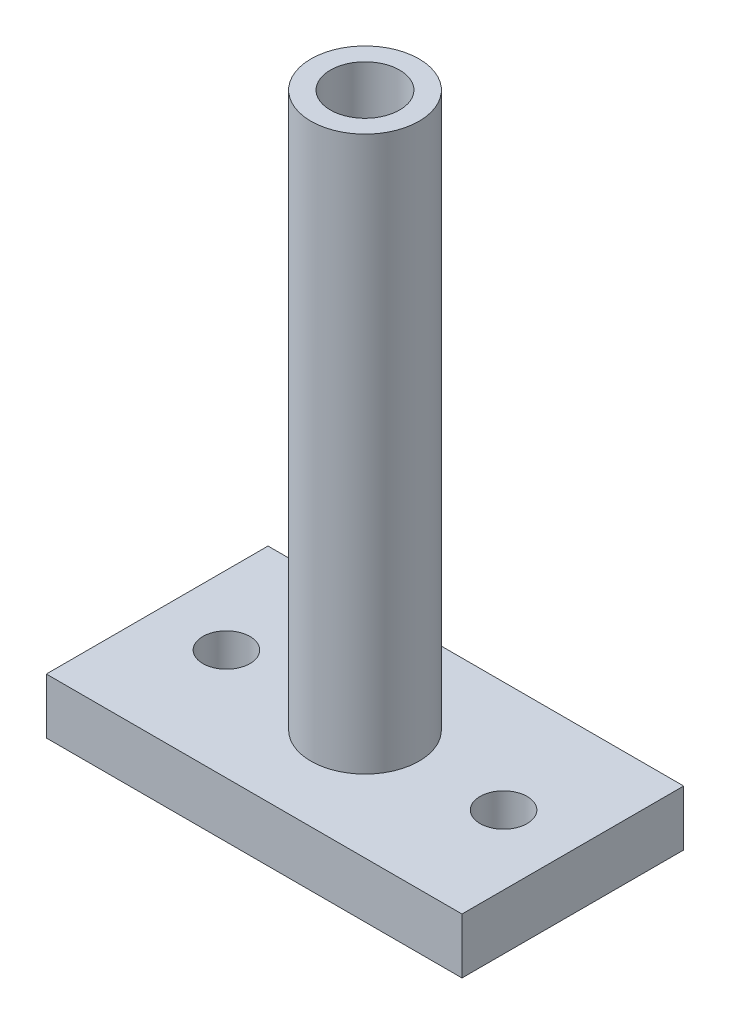
SolidWorks part; units mm, degrees
ref_plane "前视基准面" through (0, 0, 0) normal (0, 0, 1) x (1, 0, 0)
ref_plane "上视基准面" through (0, 0, 0) normal (0, 1, 0) x (1, 0, 0)
ref_plane "右视基准面" through (0, 0, 0) normal (1, 0, 0) x (0, 0, -1)
other "Configuration Table"
sketch "草图1" plane through (0, 0, 0) normal (0, 1, 0) x (1, 0, 0)
  line L0 (7.5, 0) -> (7.5, 8) construction
  line L1 (0, 0) -> (15, 0)
  line L2 (0, 0) -> (0, 8)
  line L3 (0, 8) -> (15, 8)
  line L4 (15, 0) -> (15, 8)
  line L5 (0, 4) -> (15, 4) construction
  circle A0 centre (2.5, 4) radius 0.85
  circle A1 centre (12.5, 4) radius 0.85
  dimension "D3" = 1.7
  dimension "D1" = 15
  dimension "D2" = 8
  dimension "D4" = 5
extrude "凸台-拉伸1" add sketch "草图1" along normal blind 2
sketch "草图2" plane through (0, 2, 0) normal (0, 1, 0) x (1, 0, 0)
  line L0 (7.5, 0) -> (7.5, 8) construction
  line L1 (0, 0) -> (15, 0) construction
  line L2 (15, 8) -> (0, 8) construction
  circle A0 centre (7.5, 4) radius 1.95
  dimension "D1" = 3.9
extrude "凸台-拉伸2" add sketch "草图2" along normal blind 20
sketch "草图3" plane through (0, 22, 0) normal (0, 1, 0) x (1, 0, 0)
  circle A0 centre (7.5, 4) radius 1.25
  dimension "D1" = 2.5
extrude "切除-拉伸1" cut sketch "草图3" against normal blind 10
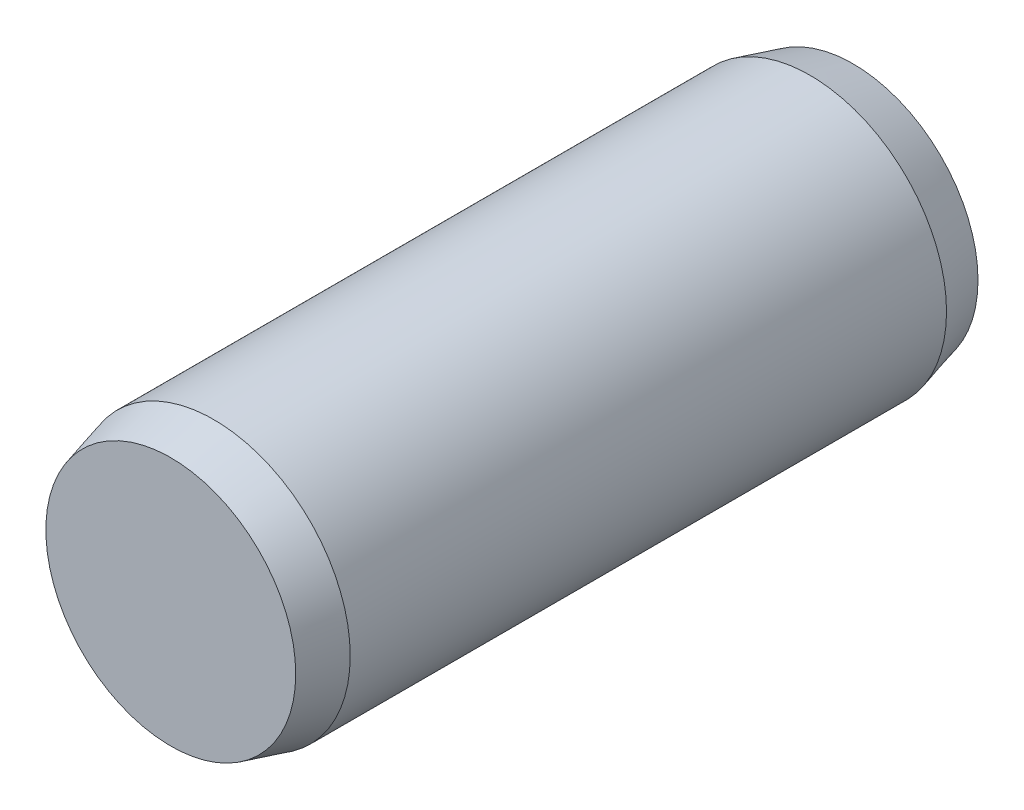
SolidWorks part; units mm, degrees
ref_plane "Front Plane" through (0, 0, 0) normal (0, 0, 1) x (1, 0, 0)
ref_plane "Top Plane" through (0, 0, 0) normal (0, 1, 0) x (1, 0, 0)
ref_plane "Right Plane" through (0, 0, 0) normal (1, 0, 0) x (0, 0, -1)
sketch "Sketch1" plane through (0, 0, 0) normal (1, 0, 0) x (0, 0, -1)
  line L0 (-5, 0) -> (5, 0)
  dimension "Length" = 10
sketch "Sketch2" plane through (0, 0, 0) normal (0, 0, 1) x (1, 0, 0)
  circle A0 centre (0, 0) radius 2
  dimension "Diameter" = 4
sketch "Sketch3" plane through (0, 0, 0) normal (1, 0, 0) x (0, 0, -1)
  line L0 (-5, 0) -> (-5, 1.8312)
  line L1 (-5, 1.8312) -> (-4.37, 2)
  line L2 (-4.37, 2) -> (4.37, 2)
  line L5 (5, 0) -> (-5, 0)
  line L6 (-5, 0) -> (5, 0) construction
  line L7 (-5, 0) -> (5, 0) construction
  line L8 (4.37, 2) -> (5, 1.8312)
  line L9 (5, 1.8312) -> (5, 0)
  point P0 (0, 2)
  dimension "D1" = 15
  dimension "Point Height" = 0.63
revolve "Revolve1" add sketch "Sketch3" angle 360 about L0

------------------------------------------------------------------------

Exercise objective:
Leave every picture out and output the records exactly.

Answer to this problem:
SolidWorks part; units mm, degrees
ref_plane "前视基准面" through (0, 0, 0) normal (0, 0, 1) x (1, 0, 0)
ref_plane "上视基准面" through (0, 0, 0) normal (0, 1, 0) x (1, 0, 0)
ref_plane "右视基准面" through (0, 0, 0) normal (1, 0, 0) x (0, 0, -1)
other "Configuration Table"
sketch "草图1" plane through (0, 0, 0) normal (0, 1, 0) x (1, 0, 0)
  line L0 (7.5, 0) -> (7.5, 8) construction
  line L1 (0, 0) -> (15, 0)
  line L2 (0, 0) -> (0, 8)
  line L3 (0, 8) -> (15, 8)
  line L4 (15, 0) -> (15, 8)
  line L5 (0, 4) -> (15, 4) construction
  circle A0 centre (2.5, 4) radius 0.85
  circle A1 centre (12.5, 4) radius 0.85
  dimension "D3" = 1.7
  dimension "D1" = 15
  dimension "D2" = 8
  dimension "D4" = 5
extrude "凸台-拉伸1" add sketch "草图1" along normal blind 2
sketch "草图2" plane through (0, 2, 0) normal (0, 1, 0) x (1, 0, 0)
  line L0 (7.5, 0) -> (7.5, 8) construction
  line L1 (0, 0) -> (15, 0) construction
  line L2 (15, 8) -> (0, 8) construction
  circle A0 centre (7.5, 4) radius 1.95
  dimension "D1" = 3.9
extrude "凸台-拉伸2" add sketch "草图2" along normal blind 20
sketch "草图3" plane through (0, 22, 0) normal (0, 1, 0) x (1, 0, 0)
  circle A0 centre (7.5, 4) radius 1.25
  dimension "D1" = 2.5
extrude "切除-拉伸1" cut sketch "草图3" against normal blind 10
SolidWorks part; units mm, degrees
ref_plane "Front Plane" through (0, 0, 0) normal (0, 0, 1) x (1, 0, 0)
ref_plane "Top Plane" through (0, 0, 0) normal (0, 1, 0) x (1, 0, 0)
ref_plane "Right Plane" through (0, 0, 0) normal (1, 0, 0) x (0, 0, -1)
sketch "Sketch1" plane through (0, 0, 0) normal (1, 0, 0) x (0, 0, -1)
  line L0 (-5, 0) -> (5, 0)
  dimension "Length" = 10
sketch "Sketch2" plane through (0, 0, 0) normal (0, 0, 1) x (1, 0, 0)
  circle A0 centre (0, 0) radius 2
  dimension "Diameter" = 4
sketch "Sketch3" plane through (0, 0, 0) normal (1, 0, 0) x (0, 0, -1)
  line L0 (-5, 0) -> (-5, 1.8312)
  line L1 (-5, 1.8312) -> (-4.37, 2)
  line L2 (-4.37, 2) -> (4.37, 2)
  line L5 (5, 0) -> (-5, 0)
  line L6 (-5, 0) -> (5, 0) construction
  line L7 (-5, 0) -> (5, 0) construction
  line L8 (4.37, 2) -> (5, 1.8312)
  line L9 (5, 1.8312) -> (5, 0)
  point P0 (0, 2)
  dimension "D1" = 15
  dimension "Point Height" = 0.63
revolve "Revolve1" add sketch "Sketch3" angle 360 about L0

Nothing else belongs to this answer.